> **How to complete this task**:
Which lines in the records below contain the word "perpendicular"? Report each of them.

> **Information**:
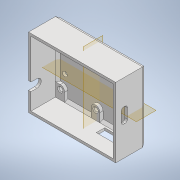
# Autodesk Inventor part: корпус
Saved by Autodesk Inventor 2021 (Build 250183000, 183)
## iProperties
Created: 2024-05-10
Part Number: корпус
Material: Типовые
Document SubType Name: Modeling
Designer: Мария
Density: 1 g/cm^3
Appearance: По умолчанию
Author: Мария
Autodesk Inventor part; units mm, degrees
ref_plane "YZ Plane" through (0, 0, 0) normal (1, 0, 0) x (0, 1, 0)
ref_plane "XZ Plane" through (0, 0, 0) normal (0, 1, 0) x (-1, 0, 0)
ref_plane "XY Plane" through (0, 0, 0) normal (0, 0, 1) x (1, 0, 0)
sketch "Эскиз1" plane through (0, 0, 0) normal (0, 0, 1) x (1, 0, 0)
  line L0 (2, 41.195) -> (54.5, 41.195) projected
  line L1 (54.5, 41.195) -> (54.5, 3.195) projected
  line L2 (0, 0) -> (56.5, 0)
  line L3 (56.5, 0) -> (56.5, 45.2)
  line L4 (56.5, 45.2) -> (0, 45.2)
  line L5 (0, 45.2) -> (0, 0)
  dimension "d0" = 52.5
  dimension "d1" = 38
  dimension "d2" = 56.5
  dimension "d3" = 45.2
  constraints: 8 end point, 2 parallel, 1 horizontal, 1 perpendicular
  measures "d0" distance of L0.start L0.end
  measures "d1" distance of L0.end L1.end
  measures "d2" distance of L3.end L4.end
  measures "d3" distance of L2.end L3.end
extrude "Выдавливание1" add sketch "Эскиз1" along normal blind 1.6
sketch "Эскиз2" plane through (0, 0, 1.6) normal (0, 0, 1) x (1, 0, 0)
  line L0 (56.5, 45.2) -> (0, 45.2) projected
  line L1 (0, 45.2) -> (0, 0) projected
  line L2 (56.5, 0) -> (56.5, 45.2) projected
  line L3 (0, 0) -> (56.5, 0) projected
  line L4 (1.6, 43.6) -> (54.9, 43.6)
  line L5 (54.9, 43.6) -> (54.9, 1.6)
  line L6 (54.9, 1.6) -> (1.6, 1.6)
  line L7 (1.6, 1.6) -> (1.6, 43.6)
  dimension "d6" = 1.6
  dimension "d7" = 1.6
  dimension "d8" = 1.6
  dimension "d9" = 1.6
  constraints: 8 end point, 2 parallel, 1 horizontal, 1 perpendicular
  measures "d6" distance between parallel lines of L0 L4
  measures "d7" distance between parallel lines of L1 L7
  measures "d8" distance between parallel lines of L3 L6
  measures "d9" distance between parallel lines of L2 L5
extrude "Выдавливание2" add sketch "Эскиз2" along normal blind 17.8
ref_plane "РабПлоскость1" through (0, 22.6, 0) normal (0, 1, 0) x (1, 0, 0)
ref_plane "РабПлоскость2" through (28.25, 0, 0) normal (1, 0, 0) x (0, 0, -1)
sketch "Эскиз3" plane through (0, 0, 0) normal (-1, 0, 0) x (0, 0, 1)
  circle A0 centre (15.47, 15.2304) radius 2.7
  line L0 (15.47, 17.9304) -> (19.4, 17.9304)
  line L1 (19.4, 1.6) -> (19.4, 43.6) projected
  line L2 (19.4, 17.9304) -> (19.4, 12.5304)
  line L3 (19.4, 12.5304) -> (15.47, 12.5304)
  line L4 (0, 0) -> (19.4, 0) projected
  circle A1 centre (15.27, 15.2304) radius 2.3 projected
  dimension "d39" = 5.4
  dimension "d41" = 3.93
  constraints: 6 end point, 2 point on circle, 2 point on line, 2 vertical alignment, 1 centre point, 1 horizontal, 1 horizontal alignment, 1 tangent
  measures "d39" diameter of A0
  measures "d41" distance from line of L2 A0.centre
extrude "Выдавливание3" cut sketch "Эскиз3" against normal up to surface (1.6 mm away) contours A0 | A0 L0 L1 L3 | A1
sketch "Эскиз4" plane through (54.9, 1.6, 1.6) normal (-1, 0, 0) x (0, 0, 1)
  line L0 (0, 0) -> (17.8, 0) projected
  line L1 (0, 0) -> (0, 42) projected
  line L2 (12.56, 18.055) -> (11.85, 18.055) projected
  line L3 (11.85, 17.905) -> (12.56, 17.905) projected
  line L4 (12.56, 18.055) -> (11.85, 18.055) projected
  line L5 (11.85, 17.905) -> (12.56, 17.905) projected
  arc A0 (12.56, 17.905) -> (13.81, 19.155) centre (12.56, 19.155) ccw projected
  line L6 (13.81, 19.155) -> (13.81, 25.595) projected
  arc A1 (10.6, 19.155) -> (11.85, 17.905) centre (11.85, 19.155) ccw projected
  line L7 (10.6, 25.595) -> (10.6, 19.155) projected
  arc A2 (11.85, 26.845) -> (10.6, 25.595) centre (11.85, 25.595) ccw projected
  line L8 (12.56, 26.845) -> (11.85, 26.845) projected
  arc A3 (13.81, 25.595) -> (12.56, 26.845) centre (12.56, 25.595) ccw projected
  line L9 (14.21, 25.595) -> (14.21, 19.155)
  arc A4 (12.56, 17.505) -> (14.21, 19.155) centre (12.56, 19.155) ccw
  line L10 (12.56, 17.505) -> (11.85, 17.505)
  arc A5 (10.2, 19.155) -> (11.85, 17.505) centre (11.85, 19.155) ccw
  line L11 (10.2, 19.155) -> (10.2, 25.595)
  arc A6 (11.85, 27.245) -> (10.2, 25.595) centre (11.85, 25.595) ccw
  line L12 (11.85, 27.245) -> (12.56, 27.245)
  arc A7 (14.21, 25.595) -> (12.56, 27.245) centre (12.56, 25.595) ccw
  point P0 (-1.6, -1.6)
  dimension "d50" = 1.65
  constraints: 8 end point, 8 point on circle, 8 tangent, 4 centre point, 3 parallel
  measures "d50" radius of A7
extrude "Выдавливание4" cut sketch "Эскиз4" against normal up to surface (1.6 mm away) contours A1 L7 A2 L8 A3 L6 A0 L3 | L9 A4 L10 A5 L11 A6 L12 A7
sketch "Эскиз5" plane through (0, 0, 0) normal (0, 0, -1) x (-1, 0, 0)
  circle A0 centre (-4.77, 37.84) radius 1.25
  circle A1 centre (-4.77, 7.36) radius 1.25
  circle A2 centre (-51.9, 37.84) radius 1.25
  circle A3 centre (-51.9, 7.36) radius 1.25
  circle A4 centre (-27.63, 37.84) radius 1.25
  circle A5 centre (-27.63, 7.36) radius 1.25
  line L0 (-56.5, 45.2) -> (0, 45.2) projected
  line L1 (0, 0) -> (-56.5, 0) projected
  line L2 (-28.25, -9.04) -> (-28.25, 54.24) projected
  line L3 (-56.5, 0) -> (-56.5, 45.2) projected
  line L4 (0, 45.2) -> (0, 0) projected
  dimension "d22" = 2.5
  dimension "d23" = 2.5
  dimension "d24" = 2.5
  dimension "d25" = 2.5
  dimension "d26" = 2.5
  dimension "d27" = 2.5
  dimension "d43" = 30.48
  dimension "d44" = 45.2
  dimension "d45" = 7.36
  dimension "d47" = 0.62
  dimension "d48" = 4.6
  dimension "d49" = 4.77
  constraints: 6 centre point, 4 horizontal alignment, 3 vertical alignment
  measures "d22" diameter of A2
  measures "d23" diameter of A4
  measures "d24" diameter of A0
  measures "d25" diameter of A3
  measures "d26" diameter of A5
  measures "d27" diameter of A1
  measures "d43" distance of A4.centre A5.centre
  measures "d44" distance between parallel lines of L0 L1
  measures "d45" distance from line of L1 A5.centre
  measures "d47" distance from line of L2 A5.centre
  measures "d48" distance from line of L3 A3.centre
  measures "d49" distance from line of L4 A1.centre
extrude "Выдавливание5" cut sketch "Эскиз5" against normal through all contours A0 | A1 | A2 | A3 | A4 L2 | L2 A4 | L2 A5 | A5 L2
sketch "Эскиз6" plane through (0, 0, 0) normal (0, -1, 0) x (1, 0, 0)
  line L0 (45.0915, 9.92) -> (35.1915, 9.92) projected
  line L1 (45.0915, 5.2) -> (45.0915, 9.92) projected
  line L2 (45.0915, 9.92) -> (35.1915, 9.92) projected
  line L3 (35.1915, 9.92) -> (35.1915, 5.2) projected
  line L4 (35.1915, 5.2) -> (45.0915, 5.2) projected
  line L5 (41.9515, 6.86) -> (41.9515, 6.9579) projected
  line L6 (40.3515, 6.86) -> (41.9515, 6.86) projected
  line L7 (38.3315, 6.86) -> (40.3515, 6.86) projected
  line L8 (38.3315, 8.26) -> (38.3315, 6.86) projected
  line L9 (40.3515, 8.26) -> (38.3315, 8.26) projected
  line L10 (41.9515, 8.26) -> (40.3515, 8.26) projected
  line L11 (41.9515, 8.1621) -> (41.9515, 8.26) projected
  line L12 (41.9515, 6.9579) -> (41.9515, 8.1621) projected
  line L13 (35.7915, 7.56) -> (36.5915, 6.76) projected
  line L14 (36.5915, 8.36) -> (35.7915, 7.56) projected
  line L15 (36.5915, 7.8267) -> (36.5915, 8.36) projected
  line L16 (37.1249, 7.8267) -> (36.5915, 7.8267) projected
  line L17 (37.1249, 7.2933) -> (37.1249, 7.8267) projected
  line L18 (36.5915, 7.2933) -> (37.1249, 7.2933) projected
  line L19 (36.5915, 6.76) -> (36.5915, 7.2933) projected
  line L20 (34.7915, 10.32) -> (45.4915, 10.32)
  line L21 (45.4915, 10.32) -> (45.4915, 4.8)
  line L22 (45.4915, 4.8) -> (34.7915, 4.8)
  line L23 (34.7915, 4.8) -> (34.7915, 10.32)
  point P0 (0, 0)
  dimension "d51" = 0.4
  dimension "d52" = 0.4
  dimension "d53" = 5.12
  dimension "d54" = 10.3
  constraints: 8 end point, 4 parallel
  measures "d51" distance between parallel lines of L1 L21
  measures "d52" distance between parallel lines of L0 L20
  measures "d53" distance between parallel lines of L0 L22
  measures "d54" distance between parallel lines of L1 L23
extrude "Выдавливание6" cut sketch "Эскиз6" against normal up to surface (1.6 mm away) contours L1 L4 L3 L0 | L6 L7 L8 L9 L10 L11 L12 L5 | L14 L15 L16 L17 L18 L19 L13 | L20 L21 L22 L23
fillet "Сопряжение1" [suppressed]
sketch "Эскиз7" plane through (0, 0, 1.6) normal (0, 0, 1) x (1, 0, 0)
  point P0 (0, 0)
sketch "Эскиз8" plane through (0, 0, 1.6) normal (0, 0, 1) x (1, 0, 0)
  circle A0 centre (4.77, 7.36) radius 1.25 projected
  circle A1 centre (51.9, 37.84) radius 1.25 projected
  line L0 (4.77, 7.36) -> (51.9, 7.36) construction
  line L1 (51.9, 7.36) -> (51.9, 37.84) construction
  line L2 (51.9, 37.84) -> (4.77, 37.84) construction
  line L3 (4.77, 37.84) -> (4.77, 7.36) construction
  line L4 (1.6, 1.6) -> (54.9, 1.6) projected
  line L5 (7.62, 1.6) -> (7.62, 7.36)
  line L6 (4.77, 10.21) -> (1.6, 10.21)
  line L7 (1.6, 43.6) -> (1.6, 1.6) projected
  line L8 (54.9, 43.6) -> (1.6, 43.6) projected
  line L9 (7.62, 43.6) -> (1.6, 43.6)
  line L10 (1.6, 43.6) -> (1.6, 34.99)
  line L11 (1.6, 34.99) -> (4.77, 34.99)
  line L12 (7.62, 37.84) -> (7.62, 43.6)
  line L13 (54.9, 1.6) -> (49.05, 1.6)
  line L14 (49.05, 1.6) -> (49.05, 7.36)
  line L15 (51.9, 10.21) -> (54.9, 10.21)
  line L16 (54.9, 10.21) -> (54.9, 1.6)
  line L17 (54.9, 1.6) -> (54.9, 43.6) projected
  line L18 (54.9, 43.6) -> (49.05, 43.6)
  line L19 (49.05, 43.6) -> (49.05, 37.84)
  line L20 (51.9, 34.99) -> (54.9, 34.99)
  line L21 (54.9, 34.99) -> (54.9, 43.6)
  line L22 (24.78, 43.6) -> (30.48, 43.6)
  line L23 (30.48, 43.6) -> (30.48, 37.84)
  line L24 (27.63, 34.99) -> (27.63, 34.99)
  line L25 (24.78, 37.84) -> (24.78, 43.6)
  line L26 (24.78, 1.6) -> (30.48, 1.6)
  line L27 (30.48, 1.6) -> (30.48, 7.36)
  line L28 (27.63, 10.21) -> (27.63, 10.21)
  line L29 (24.78, 7.36) -> (24.78, 1.6)
  circle A2 centre (27.63, 7.36) radius 1.25 projected
  circle A3 centre (27.63, 37.84) radius 1.25 projected
  arc A4 (7.62, 7.36) -> (4.77, 10.21) centre (4.77, 7.36) ccw
  arc A5 (4.77, 34.99) -> (7.62, 37.84) centre (4.77, 37.84) ccw
  arc A6 (27.63, 10.21) -> (24.78, 7.36) centre (27.63, 7.36) ccw
  arc A7 (30.48, 7.36) -> (27.63, 10.21) centre (27.63, 7.36) ccw
  arc A8 (24.78, 37.84) -> (27.63, 34.99) centre (27.63, 37.84) ccw
  arc A9 (27.63, 34.99) -> (30.48, 37.84) centre (27.63, 37.84) ccw
  arc A10 (51.9, 10.21) -> (49.05, 7.36) centre (51.9, 7.36) ccw
  arc A11 (49.05, 37.84) -> (51.9, 34.99) centre (51.9, 37.84) ccw
  circle A12 centre (51.9, 7.36) radius 1.25 projected
  circle A13 centre (4.77, 37.84) radius 1.25 projected
  point P0 (0, 0)
  point P1 (7.62, 10.21)
  point P2 (7.62, 34.99)
  point P3 (49.05, 34.99)
  point P4 (24.78, 34.99)
  point P5 (30.48, 10.21)
  point P6 (24.78, 10.21)
  point P7 (49.05, 1.6)
  point P8 (54.9, 34.99)
  point P9 (27.63, 10.21)
  point P10 (30.48, 1.6)
  dimension "d67" = 2.85
  constraints: 52 end point, 20 point on line, 16 point on circle, 16 tangent, 12 parallel, 9 coincident, 8 centre point, 8 perpendicular, 6 equal radius, 6 horizontal, 3 horizontal alignment
  measures "d67" radius of A11
extrude "Выдавливание7" add sketch "Эскиз8" along normal blind 2 contours L7 L6 A4 L5 L4 | L29 A6 A7 L27 L4 | L7 L8 L12 A5 L11 | L14 A10 L15 L16 L4 | L8 L23 A9 A8 L25 | L20 A11 L19 L8 L17
chamfer "Фаска1" distance 1.1547 angle 60 1 edges at (39.765, 43.6, 1.6) measured on face at (39.765, 43.1, 1.6)
chamfer "Фаска2" distance 1.1547 angle 60 5 edges at (16.2, 43.6, 1.6) (1.6, 22.6, 1.6) (16.2, 1.6, 1.6) (39.765, 1.6, 1.6) (54.9, 22.6, 1.6) measured on face at (2.1, 22.6, 1.6) measured on face at (54.4, 22.6, 1.6) measured on face at (16.2, 2.1, 1.6) measured on face at (16.2, 43.1, 1.6) measured on face at (39.765, 2.1, 1.6)
chamfer "Фаска3" [suppressed]
sketch "Эскиз9" plane through (0, 0, 0) normal (0, 0, -1) x (-1, 0, 0)
  line L0 (-56.5, 45.2) -> (0, 45.2) projected
  line L1 (-41.15, 45.2) -> (-15.35, 45.2)
  line L2 (-15.35, 45.2) -> (-15.35, 46.4)
  line L3 (-15.35, 46.4) -> (-41.15, 46.4)
  line L4 (-41.15, 46.4) -> (-41.15, 45.2)
  line L5 (-44.35, 45.2) -> (-12.15, 45.2)
  line L6 (-12.15, 45.2) -> (-12.15, 49.6)
  line L7 (-12.15, 49.6) -> (-44.35, 49.6)
  line L8 (-44.35, 49.6) -> (-44.35, 45.2)
  line L9 (0, 0) -> (-56.5, 0) projected
  line L10 (-41.15, 0) -> (-15.35, 0)
  line L11 (-15.35, 0) -> (-15.35, -1.2)
  line L12 (-15.35, -1.2) -> (-41.15, -1.2)
  line L13 (-41.15, -1.2) -> (-41.15, 0)
  line L14 (-44.35, 0) -> (-12.15, 0)
  line L15 (-12.15, 0) -> (-12.15, -4.4)
  line L16 (-12.15, -4.4) -> (-44.35, -4.4)
  line L17 (-44.35, -4.4) -> (-44.35, 0)
  line L18 (0, 45.2) -> (0, 0) projected
  line L19 (0, 6.5) -> (4.4, 6.5)
  line L20 (4.4, 6.5) -> (4.4, 38.7)
  line L21 (4.4, 38.7) -> (0, 38.7)
  line L22 (0, 38.7) -> (0, 6.5)
  line L23 (-56.5, 0) -> (-56.5, 45.2) projected
  line L24 (-56.5, 6.5) -> (-60.9, 6.5)
  line L25 (-60.9, 6.5) -> (-60.9, 38.7)
  line L26 (-60.9, 38.7) -> (-56.5, 38.7)
  line L27 (-56.5, 38.7) -> (-56.5, 6.5)
  line L28 (0, 9.7) -> (1.2, 9.7)
  line L29 (1.2, 9.7) -> (1.2, 35.5)
  line L30 (1.2, 35.5) -> (0, 35.5)
  line L31 (0, 35.5) -> (0, 9.7)
  line L32 (-56.5, 9.7) -> (-57.7, 9.7)
  line L33 (-57.7, 9.7) -> (-57.7, 35.5)
  line L34 (-57.7, 35.5) -> (-56.5, 35.5)
  line L35 (-56.5, 35.5) -> (-56.5, 9.7)
  point P0 (-28.25, 45.2)
  point P1 (-28.25, 46.4)
  point P2 (-28.25, -1.2)
  point P3 (-28.25, 0)
  point P4 (-28.25, -4.4)
  point P5 (-28.25, 49.6)
  point P6 (-28.25, 0)
  point P7 (-12.15, 0)
  point P8 (0, 22.6)
  point P9 (4.4, 22.6)
  point P10 (-60.9, 22.6)
  point P11 (-56.5, 22.6)
  point P12 (1.2, 22.6)
  point P13 (-56.5, 22.6)
  point P14 (0, 38.7)
  point P15 (0, 35.5)
  dimension "d79" = 1.2
  dimension "d80" = 3.2
  dimension "d81" = 3.2
  dimension "d82" = 25.8
  dimension "d83" = 25.8
  dimension "d84" = 3.2
  dimension "d85" = 3.2
  dimension "d86" = 1.2
  dimension "d116" = 25.8
  dimension "d117" = 3.2
  dimension "d118" = 1.2
  dimension "d119" = 3.2
  dimension "d123" = 3.2
  dimension "d124" = 3.2
  dimension "d125" = 1.2
  constraints: 64 end point, 16 parallel, 13 midpoint, 9 point on line, 8 horizontal, 8 perpendicular, 5 vertical alignment, 4 horizontal alignment
  measures "d79" distance between parallel lines of L0 L3
  measures "d80" distance between parallel lines of L3 L7
  measures "d81" horizontal distance of L2.end L5.end
  measures "d82" distance of L3.end L2.end
  measures "d83" distance between parallel lines of L13 L11
  measures "d84" distance between parallel lines of L16 L12
  measures "d85" distance between parallel lines of L15 L11
  measures "d86" distance between parallel lines of L10 L12
  measures "d116" distance of L32.end L33.end
  measures "d117" distance between parallel lines of L24 L32
  measures "d118" distance between parallel lines of L35 L33
  measures "d119" distance between parallel lines of L33 L25
  measures "d123" distance between parallel lines of L19 L28
  measures "d124" distance between parallel lines of L29 L20
  measures "d125" distance between parallel lines of L18 L29
extrude "Выдавливание8" [suppressed]
chamfer "Фаска13" [suppressed]
chamfer "Фаска14" [suppressed]
chamfer "Фаска15" [suppressed]
sketch "Эскиз11" plane through (0, 0, 1.6) normal (0, 0, 1) x (1, 0, 0)
  circle A0 centre (5.7547, 15.6) radius 1.5
  circle A1 centre (5.7547, 29.6) radius 1.5
  line L0 (2.7547, 10.21) -> (2.7547, 34.99) projected
  line L1 (-11.3, 22.6) -> (67.8, 22.6) projected
  point P0 (0, 0)
  dimension "d136" = 3
  dimension "d137" = 3
  dimension "d138" = 3
  dimension "d139" = 7
  dimension "d140" = 7
  constraints: 2 centre point, 1 vertical alignment
  measures "d136" diameter of A0
  measures "d137" diameter of A1
  measures "d138" distance from line of L0 A0.centre
  measures "d139" distance from line of L1 A0.centre
  measures "d140" distance from line of L1 A1.centre
extrude "Выдавливание9" cut sketch "Эскиз11" against normal through all
chamfer "Фаска16" distance 1.1547 angle 60 4 edges at (0, 22.6, 0) (28.25, 45.2, 0) (28.25, 0, 0) (56.5, 22.6, 0) measured on face at (28.25, 44.7, 0) measured on face at (56, 22.6, 0) measured on face at (0.5, 22.6, 0) measured on face at (28.25, 0.5, 0)
chamfer "Фаска17" distance 0.5 angle 45 6 edges at (3.52, 37.84, 3.6) (26.38, 37.84, 3.6) (50.65, 37.84, 3.6) (3.52, 7.36, 3.6) (26.38, 7.36, 3.6) (50.65, 7.36, 3.6)
equation "\"d7\" = d6"
equation "\"d8\" = d6"
equation "\"d9\" = d6"
equation "\"d23\" = d22"
equation "\"d24\" = d22"
equation "\"d25\" = d22"
equation "\"d26\" = d22"
equation "\"d27\" = d22"
equation "\"d45\" = -0.5 * d43 + 0.5 * d44"
equation "\"d83\" = d82"
equation "\"d84\" = d81"
equation "\"d85\" = d80"
equation "\"d86\" = d79"
equation "\"d119\" = d117"
equation "\"d123\" = d117"
equation "\"d124\" = d123"
equation "\"d125\" = d118"
equation "\"d140\" = d139"

> **Answer to the problem**:
  constraints: 8 end point, 2 parallel, 1 horizontal, 1 perpendicular
  constraints: 8 end point, 2 parallel, 1 horizontal, 1 perpendicular
  constraints: 52 end point, 20 point on line, 16 point on circle, 16 tangent, 12 parallel, 9 coincident, 8 centre point, 8 perpendicular, 6 equal radius, 6 horizontal, 3 horizontal alignment
  constraints: 64 end point, 16 parallel, 13 midpoint, 9 point on line, 8 horizontal, 8 perpendicular, 5 vertical alignment, 4 horizontal alignment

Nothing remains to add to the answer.